PROBLEM TO SOLVE: Print, exactly and completely, every entry in the data.

(Dataset excerpts)
= = =

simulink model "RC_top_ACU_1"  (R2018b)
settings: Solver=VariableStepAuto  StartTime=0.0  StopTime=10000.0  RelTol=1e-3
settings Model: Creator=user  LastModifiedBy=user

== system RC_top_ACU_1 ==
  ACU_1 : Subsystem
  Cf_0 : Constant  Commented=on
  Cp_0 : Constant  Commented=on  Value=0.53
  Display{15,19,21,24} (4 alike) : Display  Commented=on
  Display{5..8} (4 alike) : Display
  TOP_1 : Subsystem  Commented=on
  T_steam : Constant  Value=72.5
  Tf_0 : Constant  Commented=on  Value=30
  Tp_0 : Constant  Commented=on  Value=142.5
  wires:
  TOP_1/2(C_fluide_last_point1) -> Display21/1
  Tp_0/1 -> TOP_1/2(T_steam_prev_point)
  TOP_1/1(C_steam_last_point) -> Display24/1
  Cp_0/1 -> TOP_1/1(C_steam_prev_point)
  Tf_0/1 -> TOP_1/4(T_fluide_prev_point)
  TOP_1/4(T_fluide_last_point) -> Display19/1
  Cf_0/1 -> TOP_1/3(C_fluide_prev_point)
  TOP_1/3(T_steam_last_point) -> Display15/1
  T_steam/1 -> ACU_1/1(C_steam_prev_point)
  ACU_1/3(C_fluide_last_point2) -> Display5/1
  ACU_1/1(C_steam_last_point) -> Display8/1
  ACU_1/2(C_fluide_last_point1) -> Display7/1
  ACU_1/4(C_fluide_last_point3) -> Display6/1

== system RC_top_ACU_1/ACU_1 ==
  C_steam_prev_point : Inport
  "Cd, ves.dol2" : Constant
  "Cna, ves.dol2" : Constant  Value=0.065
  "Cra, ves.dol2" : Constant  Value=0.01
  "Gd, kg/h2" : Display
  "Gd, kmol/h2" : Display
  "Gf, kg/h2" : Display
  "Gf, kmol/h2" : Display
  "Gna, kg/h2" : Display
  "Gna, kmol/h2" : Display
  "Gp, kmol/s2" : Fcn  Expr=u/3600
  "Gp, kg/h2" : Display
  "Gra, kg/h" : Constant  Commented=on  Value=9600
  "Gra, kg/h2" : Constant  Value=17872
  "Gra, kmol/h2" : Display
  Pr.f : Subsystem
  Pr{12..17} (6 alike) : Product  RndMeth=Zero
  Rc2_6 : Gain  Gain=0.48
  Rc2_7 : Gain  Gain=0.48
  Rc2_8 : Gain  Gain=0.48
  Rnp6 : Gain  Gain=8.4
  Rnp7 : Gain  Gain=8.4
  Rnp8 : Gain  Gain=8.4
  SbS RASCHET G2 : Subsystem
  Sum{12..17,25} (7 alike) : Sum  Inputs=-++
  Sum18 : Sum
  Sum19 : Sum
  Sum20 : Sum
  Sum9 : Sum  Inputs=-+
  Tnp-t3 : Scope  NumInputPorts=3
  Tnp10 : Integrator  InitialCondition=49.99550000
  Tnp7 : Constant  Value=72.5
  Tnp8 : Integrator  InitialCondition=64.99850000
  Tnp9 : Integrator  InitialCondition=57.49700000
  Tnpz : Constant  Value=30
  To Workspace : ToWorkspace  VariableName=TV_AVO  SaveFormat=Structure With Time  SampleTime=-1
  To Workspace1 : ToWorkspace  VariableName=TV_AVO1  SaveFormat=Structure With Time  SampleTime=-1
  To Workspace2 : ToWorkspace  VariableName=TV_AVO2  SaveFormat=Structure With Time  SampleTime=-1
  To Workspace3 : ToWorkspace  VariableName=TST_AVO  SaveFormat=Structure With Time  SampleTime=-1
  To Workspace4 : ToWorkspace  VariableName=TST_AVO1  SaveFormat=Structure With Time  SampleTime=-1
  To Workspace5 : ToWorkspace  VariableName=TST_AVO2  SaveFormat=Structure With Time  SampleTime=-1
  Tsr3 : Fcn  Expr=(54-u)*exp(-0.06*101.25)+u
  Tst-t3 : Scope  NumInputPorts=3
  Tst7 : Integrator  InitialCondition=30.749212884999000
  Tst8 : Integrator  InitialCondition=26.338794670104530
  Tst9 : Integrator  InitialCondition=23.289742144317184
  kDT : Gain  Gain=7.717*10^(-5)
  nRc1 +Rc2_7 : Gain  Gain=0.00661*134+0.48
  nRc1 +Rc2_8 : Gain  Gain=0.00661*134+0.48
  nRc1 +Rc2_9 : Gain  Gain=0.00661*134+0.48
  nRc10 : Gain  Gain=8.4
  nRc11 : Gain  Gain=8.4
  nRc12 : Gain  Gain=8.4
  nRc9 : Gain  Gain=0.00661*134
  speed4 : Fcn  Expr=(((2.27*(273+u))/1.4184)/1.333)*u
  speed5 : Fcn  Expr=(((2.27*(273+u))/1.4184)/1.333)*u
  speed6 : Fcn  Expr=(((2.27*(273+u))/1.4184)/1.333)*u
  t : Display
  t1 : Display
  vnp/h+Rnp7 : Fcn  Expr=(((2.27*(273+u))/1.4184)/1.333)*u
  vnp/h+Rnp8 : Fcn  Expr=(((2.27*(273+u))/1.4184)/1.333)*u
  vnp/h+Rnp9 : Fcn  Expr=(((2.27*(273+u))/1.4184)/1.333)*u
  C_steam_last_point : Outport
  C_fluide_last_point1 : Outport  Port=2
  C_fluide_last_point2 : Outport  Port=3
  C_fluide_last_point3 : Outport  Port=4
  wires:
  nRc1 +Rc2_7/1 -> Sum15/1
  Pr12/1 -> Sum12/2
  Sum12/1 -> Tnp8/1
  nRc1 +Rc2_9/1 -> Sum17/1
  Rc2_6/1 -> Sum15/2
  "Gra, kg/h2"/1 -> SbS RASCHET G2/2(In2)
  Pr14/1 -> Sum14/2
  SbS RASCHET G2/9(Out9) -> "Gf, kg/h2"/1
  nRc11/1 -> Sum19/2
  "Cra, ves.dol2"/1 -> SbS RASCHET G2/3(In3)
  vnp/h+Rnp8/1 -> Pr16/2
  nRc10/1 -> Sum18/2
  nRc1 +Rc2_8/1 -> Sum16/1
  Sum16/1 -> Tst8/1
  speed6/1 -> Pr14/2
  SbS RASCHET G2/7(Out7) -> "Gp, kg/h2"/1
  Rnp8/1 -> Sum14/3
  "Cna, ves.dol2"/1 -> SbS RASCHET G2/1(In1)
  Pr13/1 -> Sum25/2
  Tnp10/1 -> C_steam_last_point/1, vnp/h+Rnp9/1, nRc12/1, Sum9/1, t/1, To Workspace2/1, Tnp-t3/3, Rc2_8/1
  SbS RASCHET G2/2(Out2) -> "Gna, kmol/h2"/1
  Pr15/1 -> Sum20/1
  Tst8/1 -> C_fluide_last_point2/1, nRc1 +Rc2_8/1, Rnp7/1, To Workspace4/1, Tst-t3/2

= = =

EXERCISE RESULT:
simulink model "RC_top_ACU_1"  (R2018b)
settings: Solver=VariableStepAuto  StartTime=0.0  StopTime=10000.0  RelTol=1e-3
settings Model: Creator=user  LastModifiedBy=user

== system RC_top_ACU_1 ==
  ACU_1 : Subsystem
  Cf_0 : Constant  Commented=on
  Cp_0 : Constant  Commented=on  Value=0.53
  Display{15,19,21,24} (4 alike) : Display  Commented=on
  Display{5..8} (4 alike) : Display
  TOP_1 : Subsystem  Commented=on
  T_steam : Constant  Value=72.5
  Tf_0 : Constant  Commented=on  Value=30
  Tp_0 : Constant  Commented=on  Value=142.5
  wires:
  TOP_1/2(C_fluide_last_point1) -> Display21/1
  Tp_0/1 -> TOP_1/2(T_steam_prev_point)
  TOP_1/1(C_steam_last_point) -> Display24/1
  Cp_0/1 -> TOP_1/1(C_steam_prev_point)
  Tf_0/1 -> TOP_1/4(T_fluide_prev_point)
  TOP_1/4(T_fluide_last_point) -> Display19/1
  Cf_0/1 -> TOP_1/3(C_fluide_prev_point)
  TOP_1/3(T_steam_last_point) -> Display15/1
  T_steam/1 -> ACU_1/1(C_steam_prev_point)
  ACU_1/3(C_fluide_last_point2) -> Display5/1
  ACU_1/1(C_steam_last_point) -> Display8/1
  ACU_1/2(C_fluide_last_point1) -> Display7/1
  ACU_1/4(C_fluide_last_point3) -> Display6/1

== system RC_top_ACU_1/ACU_1 ==
  C_steam_prev_point : Inport
  "Cd, ves.dol2" : Constant
  "Cna, ves.dol2" : Constant  Value=0.065
  "Cra, ves.dol2" : Constant  Value=0.01
  "Gd, kg/h2" : Display
  "Gd, kmol/h2" : Display
  "Gf, kg/h2" : Display
  "Gf, kmol/h2" : Display
  "Gna, kg/h2" : Display
  "Gna, kmol/h2" : Display
  "Gp, kmol/s2" : Fcn  Expr=u/3600
  "Gp, kg/h2" : Display
  "Gra, kg/h" : Constant  Commented=on  Value=9600
  "Gra, kg/h2" : Constant  Value=17872
  "Gra, kmol/h2" : Display
  Pr.f : Subsystem
  Pr{12..17} (6 alike) : Product  RndMeth=Zero
  Rc2_6 : Gain  Gain=0.48
  Rc2_7 : Gain  Gain=0.48
  Rc2_8 : Gain  Gain=0.48
  Rnp6 : Gain  Gain=8.4
  Rnp7 : Gain  Gain=8.4
  Rnp8 : Gain  Gain=8.4
  SbS RASCHET G2 : Subsystem
  Sum{12..17,25} (7 alike) : Sum  Inputs=-++
  Sum18 : Sum
  Sum19 : Sum
  Sum20 : Sum
  Sum9 : Sum  Inputs=-+
  Tnp-t3 : Scope  NumInputPorts=3
  Tnp10 : Integrator  InitialCondition=49.99550000
  Tnp7 : Constant  Value=72.5
  Tnp8 : Integrator  InitialCondition=64.99850000
  Tnp9 : Integrator  InitialCondition=57.49700000
  Tnpz : Constant  Value=30
  To Workspace : ToWorkspace  VariableName=TV_AVO  SaveFormat=Structure With Time  SampleTime=-1
  To Workspace1 : ToWorkspace  VariableName=TV_AVO1  SaveFormat=Structure With Time  SampleTime=-1
  To Workspace2 : ToWorkspace  VariableName=TV_AVO2  SaveFormat=Structure With Time  SampleTime=-1
  To Workspace3 : ToWorkspace  VariableName=TST_AVO  SaveFormat=Structure With Time  SampleTime=-1
  To Workspace4 : ToWorkspace  VariableName=TST_AVO1  SaveFormat=Structure With Time  SampleTime=-1
  To Workspace5 : ToWorkspace  VariableName=TST_AVO2  SaveFormat=Structure With Time  SampleTime=-1
  Tsr3 : Fcn  Expr=(54-u)*exp(-0.06*101.25)+u
  Tst-t3 : Scope  NumInputPorts=3
  Tst7 : Integrator  InitialCondition=30.749212884999000
  Tst8 : Integrator  InitialCondition=26.338794670104530
  Tst9 : Integrator  InitialCondition=23.289742144317184
  kDT : Gain  Gain=7.717*10^(-5)
  nRc1 +Rc2_7 : Gain  Gain=0.00661*134+0.48
  nRc1 +Rc2_8 : Gain  Gain=0.00661*134+0.48
  nRc1 +Rc2_9 : Gain  Gain=0.00661*134+0.48
  nRc10 : Gain  Gain=8.4
  nRc11 : Gain  Gain=8.4
  nRc12 : Gain  Gain=8.4
  nRc9 : Gain  Gain=0.00661*134
  speed4 : Fcn  Expr=(((2.27*(273+u))/1.4184)/1.333)*u
  speed5 : Fcn  Expr=(((2.27*(273+u))/1.4184)/1.333)*u
  speed6 : Fcn  Expr=(((2.27*(273+u))/1.4184)/1.333)*u
  t : Display
  t1 : Display
  vnp/h+Rnp7 : Fcn  Expr=(((2.27*(273+u))/1.4184)/1.333)*u
  vnp/h+Rnp8 : Fcn  Expr=(((2.27*(273+u))/1.4184)/1.333)*u
  vnp/h+Rnp9 : Fcn  Expr=(((2.27*(273+u))/1.4184)/1.333)*u
  C_steam_last_point : Outport
  C_fluide_last_point1 : Outport  Port=2
  C_fluide_last_point2 : Outport  Port=3
  C_fluide_last_point3 : Outport  Port=4
  wires:
  nRc1 +Rc2_7/1 -> Sum15/1
  Pr12/1 -> Sum12/2
  Sum12/1 -> Tnp8/1
  nRc1 +Rc2_9/1 -> Sum17/1
  Rc2_6/1 -> Sum15/2
  "Gra, kg/h2"/1 -> SbS RASCHET G2/2(In2)
  Pr14/1 -> Sum14/2
  SbS RASCHET G2/9(Out9) -> "Gf, kg/h2"/1
  nRc11/1 -> Sum19/2
  "Cra, ves.dol2"/1 -> SbS RASCHET G2/3(In3)
  vnp/h+Rnp8/1 -> Pr16/2
  nRc10/1 -> Sum18/2
  nRc1 +Rc2_8/1 -> Sum16/1
  Sum16/1 -> Tst8/1
  speed6/1 -> Pr14/2
  SbS RASCHET G2/7(Out7) -> "Gp, kg/h2"/1
  Rnp8/1 -> Sum14/3
  "Cna, ves.dol2"/1 -> SbS RASCHET G2/1(In1)
  Pr13/1 -> Sum25/2
  Tnp10/1 -> C_steam_last_point/1, vnp/h+Rnp9/1, nRc12/1, Sum9/1, t/1, To Workspace2/1, Tnp-t3/3, Rc2_8/1
  SbS RASCHET G2/2(Out2) -> "Gna, kmol/h2"/1
  Pr15/1 -> Sum20/1
  Tst8/1 -> C_fluide_last_point2/1, nRc1 +Rc2_8/1, Rnp7/1, To Workspace4/1, Tst-t3/2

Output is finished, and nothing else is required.